(Data extracted from a collection)
:::

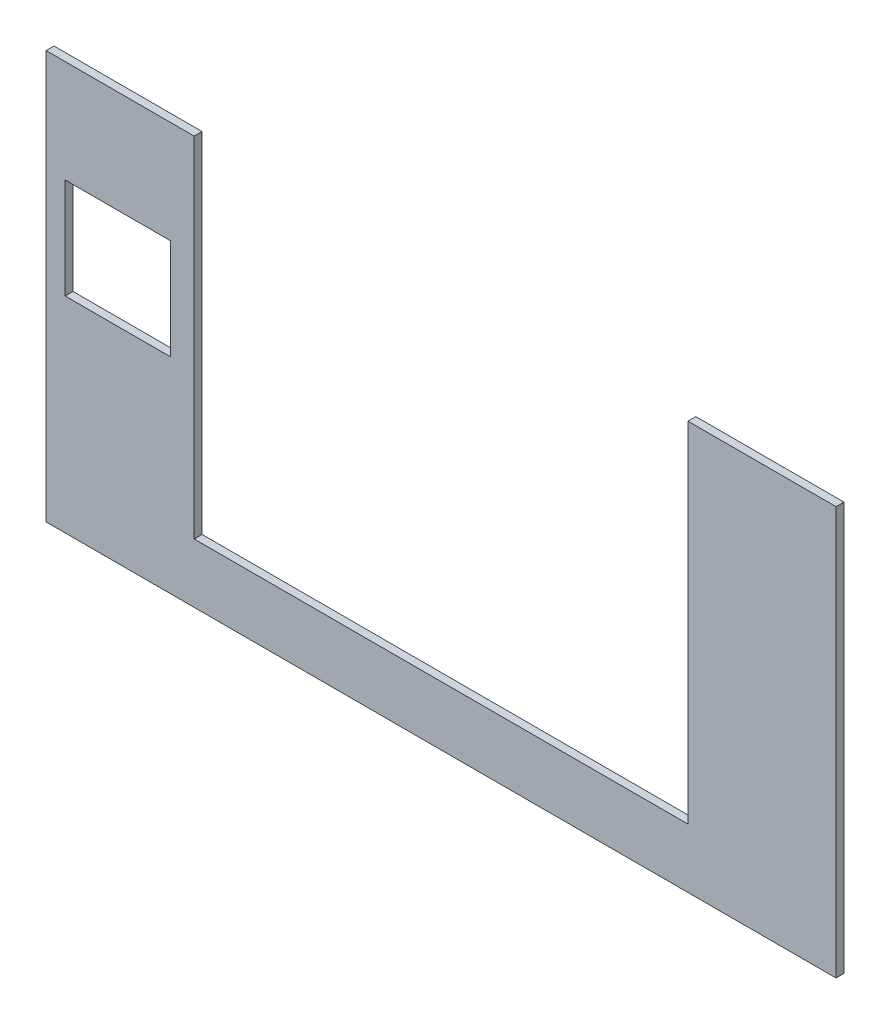
SolidWorks part; units mm, degrees
ref_plane "Front" through (0, 0, 0) normal (0, 0, 1) x (1, 0, 0)
ref_plane "Top" through (0, 0, 0) normal (0, 1, 0) x (1, 0, 0)
ref_plane "Right" through (0, 0, 0) normal (1, 0, 0) x (0, 0, -1)
sketch "Эскиз1" plane through (0, 0, 0) normal (0, 0, 1) x (1, 0, 0)
  line L0 (-592.6187, -146.0099) -> (-480.1187, -146.0099)
  line L1 (-1080.1187, -146.0099) -> (-967.6187, -146.0099)
  line L2 (-1080.1187, -146.0099) -> (-1080.1187, -456.0099)
  line L3 (-1080.1187, -456.0099) -> (-480.1187, -456.0099)
  line L4 (-480.1187, -146.0099) -> (-480.1187, -456.0099)
  line L6 (-967.6187, -146.0099) -> (-967.6187, -411.0099)
  line L7 (-967.6187, -411.0099) -> (-592.6187, -411.0099)
  line L8 (-592.6187, -146.0099) -> (-592.6187, -411.0099)
  line L9 (-780.1187, -456.0099) -> (-780.1187, 62.7649) construction
  point P10 (-780.1187, -411.0099)
  dimension "D1" = 375
  dimension "D2" = 600
  dimension "D3" = 310
  dimension "D4" = 265
extrude "Бобышка-Вытянуть1" add sketch "Эскиз1" along normal blind 6
sketch "Эскиз2" plane through (0, 0, 0) normal (0, 0, -1) x (-1, 0, 0)
  line L0 (1080.1187, -146.0099) -> (1080.1187, -456.0099) construction
  line L1 (985.6304, -223.8538) -> (1065.6304, -223.8538)
  line L2 (985.6304, -223.8538) -> (985.6304, -300.1909)
  line L3 (985.6304, -300.1909) -> (1065.6304, -300.1909)
  line L4 (1065.6304, -223.8538) -> (1065.6304, -300.1909)
  dimension "D1" = 80
  dimension "D2" = 14.4882
extrude "Вырез-Вытянуть1" cut sketch "Эскиз2" against normal up to surface (6 mm away) up to face at (-780.1187, -289.7599, 6)
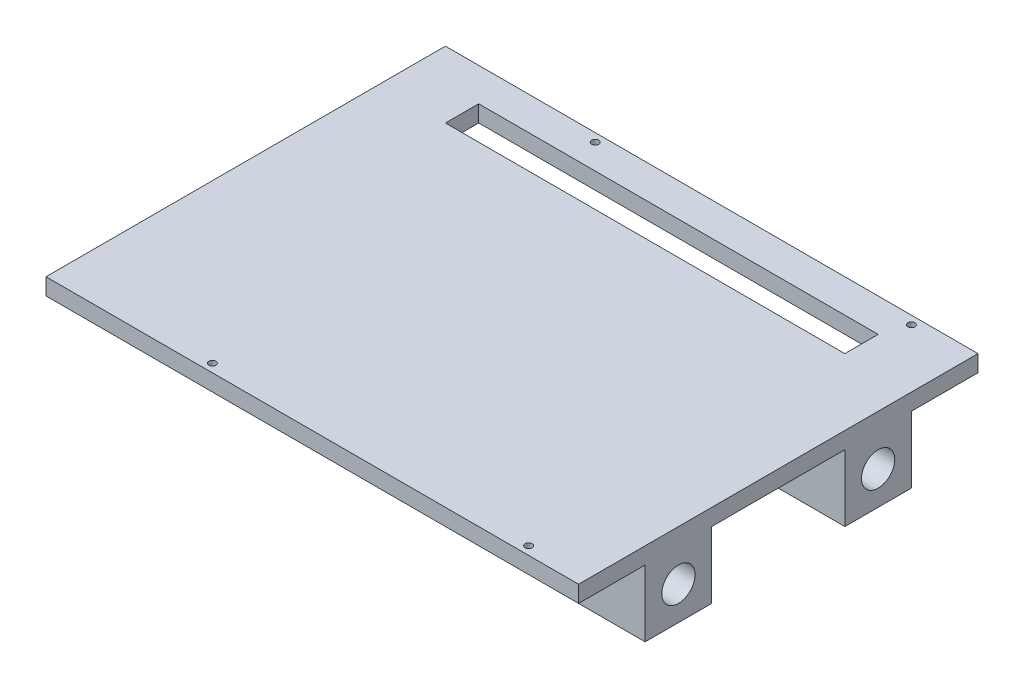
SolidWorks part; units mm, degrees
ref_plane "Front Plane" through (0, 0, 0) normal (0, 0, 1) x (1, 0, 0)
ref_plane "Top Plane" through (0, 0, 0) normal (0, 1, 0) x (1, 0, 0)
ref_plane "Right Plane" through (0, 0, 0) normal (1, 0, 0) x (0, 0, -1)
sketch "Sketch2" plane through (0, 0, 0) normal (0, 1, 0) x (1, 0, 0)
  line L1 (-101.6, -76.2) -> (101.6, -76.2)
  line L2 (-101.6, -76.2) -> (-101.6, 76.2)
  line L3 (-101.6, 76.2) -> (101.6, 76.2)
  line L4 (101.6, -76.2) -> (101.6, 76.2)
  line L5 (-101.6, -76.2) -> (101.6, 76.2) construction
  line L6 (-101.6, 76.2) -> (101.6, -76.2) construction
  point P0 (0, 0)
  dimension "D1" = 203.2
  dimension "D2" = 152.4
extrude "Boss-Extrude1" add sketch "Sketch2" along normal blind 6.35
sketch "Sketch3" plane through (0, 6.35, 0) normal (0, 1, 0) x (1, 0, 0)
  line L0 (-101.6, 0) -> (101.6, 0) construction
  line L1 (-101.6, 76.2) -> (-101.6, -76.2) construction
  line L2 (101.6, -76.2) -> (101.6, 76.2) construction
  line L3 (0, 76.2) -> (0, -76.2) construction
  line L4 (101.6, 76.2) -> (-101.6, 76.2) construction
  line L5 (-101.6, -76.2) -> (101.6, -76.2) construction
  line L7 (-76.2, 63.5) -> (76.2, 63.5)
  line L8 (-76.2, 63.5) -> (-76.2, 50.8)
  line L9 (-76.2, 50.8) -> (76.2, 50.8)
  line L10 (76.2, 63.5) -> (76.2, 50.8)
  line L11 (-76.2, 63.5) -> (76.2, 50.8) construction
  line L12 (-76.2, 50.8) -> (76.2, 63.5) construction
  point P12 (0, 57.15)
  dimension "D1" = 12.7
  dimension "D2" = 152.4
  dimension "D3" = 12.7
extrude "Cut-Extrude1" cut sketch "Sketch3" against normal blind 6.35
sketch "Sketch4" plane through (0, 0, 0) normal (0, -1, 0) x (1, 0, 0)
  line L0 (-101.6, -76.2) -> (-101.6, 76.2) construction
  line L1 (-101.6, 50.8) -> (-50.8, 50.8)
  line L2 (-101.6, 50.8) -> (-101.6, 25.4)
  line L3 (-101.6, 25.4) -> (-50.8, 25.4)
  line L4 (-50.8, 50.8) -> (-50.8, 25.4)
  line L5 (0, 76.2) -> (0, -76.2) construction
  line L6 (-101.6, 76.2) -> (101.6, 76.2) construction
  line L7 (101.6, -76.2) -> (-101.6, -76.2) construction
  line L8 (-101.6, 0) -> (101.6, 0) construction
  line L9 (101.6, 76.2) -> (101.6, -76.2) construction
  line L10 (101.6, 25.4) -> (50.8, 25.4)
  line L11 (50.8, 50.8) -> (50.8, 25.4)
  line L12 (101.6, 50.8) -> (50.8, 50.8)
  line L13 (101.6, 50.8) -> (101.6, 25.4)
  line L14 (101.6, -50.8) -> (101.6, -25.4)
  line L15 (101.6, -50.8) -> (50.8, -50.8)
  line L16 (50.8, -50.8) -> (50.8, -25.4)
  line L17 (101.6, -25.4) -> (50.8, -25.4)
  line L18 (-101.6, -25.4) -> (-50.8, -25.4)
  line L19 (-50.8, -50.8) -> (-50.8, -25.4)
  line L20 (-101.6, -50.8) -> (-50.8, -50.8)
  line L21 (-101.6, -50.8) -> (-101.6, -25.4)
  dimension "D1" = 25.4
  dimension "D2" = 50.8
  dimension "D3" = 25.4
sketch "Sketch6" plane through (0, 0, 0) normal (0, -1, 0) x (1, 0, 0)
  line L0 (0, -50.8) -> (0, -63.5) construction
  line L1 (-76.2, -50.8) -> (76.2, -50.8) construction
  line L2 (76.2, -63.5) -> (-76.2, -63.5) construction
extrude "Boss-Extrude2" add sketch "Sketch4" along normal blind 25.4
sketch "Sketch7" plane through (-101.6, 0, 0) normal (-1, 0, 0) x (0, 0, 1)
  line L0 (-38.1, -25.4) -> (-38.1, 6.35) construction
  line L1 (-25.4, -25.4) -> (-50.8, -25.4) construction
  line L2 (-76.2, 6.35) -> (76.2, 6.35) construction
  line L3 (-50.8, -12.7) -> (-25.4, -12.7) construction
  line L4 (-50.8, -25.4) -> (-50.8, 0) construction
  line L5 (-25.4, -25.4) -> (-25.4, 0) construction
  line L6 (38.1, -25.4) -> (38.1, 6.35) construction
  line L7 (50.8, -25.4) -> (25.4, -25.4) construction
  line L8 (25.4, -12.7) -> (50.8, -12.7) construction
  line L9 (25.4, -25.4) -> (25.4, 0) construction
  line L10 (50.8, -25.4) -> (50.8, 0) construction
  circle A0 centre (-38.1, -12.7) radius 6.35
  circle A1 centre (38.1, -12.7) radius 6.35
  dimension "D1" = 12.7
  dimension "D2" = 12.7
extrude "Cut-Extrude2" cut sketch "Sketch7" against normal blind 50.8
sketch "Sketch8" plane through (101.6, 0, 0) normal (1, 0, 0) x (0, 0, -1)
  line L0 (-50.8, -12.7) -> (50.8, -12.7) construction
  line L1 (-50.8, -25.4) -> (-50.8, 0) construction
  line L2 (50.8, -25.4) -> (50.8, 0) construction
  line L3 (-38.1, -25.4) -> (-38.1, 6.35) construction
  line L4 (50.8, -25.4) -> (25.4, -25.4) construction
  line L5 (38.1, -25.4) -> (38.1, 6.35) construction
  line L6 (-76.2, 6.35) -> (76.2, 6.35) construction
  line L7 (-25.4, -25.4) -> (-50.8, -25.4) construction
  circle A0 centre (-38.1, -12.7) radius 6.35
  circle A1 centre (38.1, -12.7) radius 6.35
  dimension "D1" = 12.7
  dimension "D2" = 12.7
extrude "Cut-Extrude3" cut sketch "Sketch8" against normal blind 50.8
ref_plane "Plane1" through (0, 0, 0) normal (-1, 0, 0) x (0, 0, 1)
ref_point "Point1"
sketch "Sketch12" plane through (0, 6.35, 0) normal (0, 1, 0) x (1, 0, 0)
  line L0 (101.6, 76.2) -> (-101.6, 76.2) construction
  line L1 (-38.1204, 76.2) -> (25.3796, 76.2)
  line L2 (-38.1204, 76.2) -> (-38.1204, 63.5)
  line L3 (-38.1204, 63.5) -> (25.3796, 63.5)
  line L4 (25.3796, 76.2) -> (25.3796, 63.5)
  line L5 (76.2, 63.5) -> (-76.2, 63.5) construction
  dimension "D1" = 63.5
hole_wizard "#6-32 Tapped Hole1" positions "Sketch13" profile "Sketch14" tap size "#6-32" standard "ANSI Inch"
sketch "Sketch13" plane through (0, 6.35, 0) normal (0, 1, 0) x (1, 0, 0)
  point P12 (-41.275, -73.025)
  point P15 (-41.275, 73.025)
  point P18 (79.375, 73.025)
  point P21 (79.375, -73.025)
  point P24 (-41.275, -73.025)
  point P25 (-41.2353, -71.353)
  point P26 (-41.1082, -72.149)
  point P27 (-41.3945, -73.025)
  point P28 (0, 0)
  point P29 (-41.275, -73.025)
  point P30 (79.375, -73.025)
  point P31 (79.375, 73.025)
  point P32 (-41.3431, 72.8968)
  point P33 (-41.275, 73.025)
  point P35 (79.375, 73.025)
  point P37 (79.375, -73.025)
  point P39 (-41.275, -73.025)
cosmetic thread "Hole Thread6"
cosmetic thread "Hole Thread7"
cosmetic thread "Hole Thread8"
cosmetic thread "Hole Thread9"
sketch "Sketch14" plane through (-41.275, 6.35, 73.025) normal (1, 0, 0) x (0, 0, 1)
  line L0 (0, 0) -> (0, 13.5127)
  line L1 (0, 13.5127) -> (1.3525, 12.7)
  line L2 (1.3525, 12.7) -> (1.3525, 0)
  line L5 (1.3525, 0) -> (0, 0)
  line L10 (0, 13.5127) -> (-1.3526, 12.7) construction
  line L11 (0, -6.35) -> (0, 107.95) construction
  dimension "Tap Drill Dia." = 2.7051
  dimension "Tap Drill Depth" = 12.7
  dimension "Drill Angle" = 118

:::

## YOUR ASSIGNMENT
Could you reproduce exactly the lines of the entries above, from the one with "line L12 (101.6, 50.8) -> (50.8, 50.8)" through the one with "line L1 (-50.8, -25.4)", and nothing else?

## EXERCISE SOLUTION
  line L12 (101.6, 50.8) -> (50.8, 50.8)
  line L13 (101.6, 50.8) -> (101.6, 25.4)
  line L14 (101.6, -50.8) -> (101.6, -25.4)
  line L15 (101.6, -50.8) -> (50.8, -50.8)
  line L16 (50.8, -50.8) -> (50.8, -25.4)
  line L17 (101.6, -25.4) -> (50.8, -25.4)
  line L18 (-101.6, -25.4) -> (-50.8, -25.4)
  line L19 (-50.8, -50.8) -> (-50.8, -25.4)
  line L20 (-101.6, -50.8) -> (-50.8, -50.8)
  line L21 (-101.6, -50.8) -> (-101.6, -25.4)
  dimension "D1" = 25.4
  dimension "D2" = 50.8
  dimension "D3" = 25.4
sketch "Sketch6" plane through (0, 0, 0) normal (0, -1, 0) x (1, 0, 0)
  line L0 (0, -50.8) -> (0, -63.5) construction
  line L1 (-76.2, -50.8) -> (76.2, -50.8) construction
  line L2 (76.2, -63.5) -> (-76.2, -63.5) construction
extrude "Boss-Extrude2" add sketch "Sketch4" along normal blind 25.4
sketch "Sketch7" plane through (-101.6, 0, 0) normal (-1, 0, 0) x (0, 0, 1)
  line L0 (-38.1, -25.4) -> (-38.1, 6.35) construction
  line L1 (-25.4, -25.4) -> (-50.8, -25.4) construction
  line L2 (-76.2, 6.35) -> (76.2, 6.35) construction
  line L3 (-50.8, -12.7) -> (-25.4, -12.7) construction
  line L4 (-50.8, -25.4) -> (-50.8, 0) construction
  line L5 (-25.4, -25.4) -> (-25.4, 0) construction
  line L6 (38.1, -25.4) -> (38.1, 6.35) construction
  line L7 (50.8, -25.4) -> (25.4, -25.4) construction
  line L8 (25.4, -12.7) -> (50.8, -12.7) construction
  line L9 (25.4, -25.4) -> (25.4, 0) construction
  line L10 (50.8, -25.4) -> (50.8, 0) construction
  circle A0 centre (-38.1, -12.7) radius 6.35
  circle A1 centre (38.1, -12.7) radius 6.35
  dimension "D1" = 12.7
  dimension "D2" = 12.7
extrude "Cut-Extrude2" cut sketch "Sketch7" against normal blind 50.8
sketch "Sketch8" plane through (101.6, 0, 0) normal (1, 0, 0) x (0, 0, -1)
  line L0 (-50.8, -12.7) -> (50.8, -12.7) construction
  line L1 (-50.8, -25.4) -> (-50.8, 0) construction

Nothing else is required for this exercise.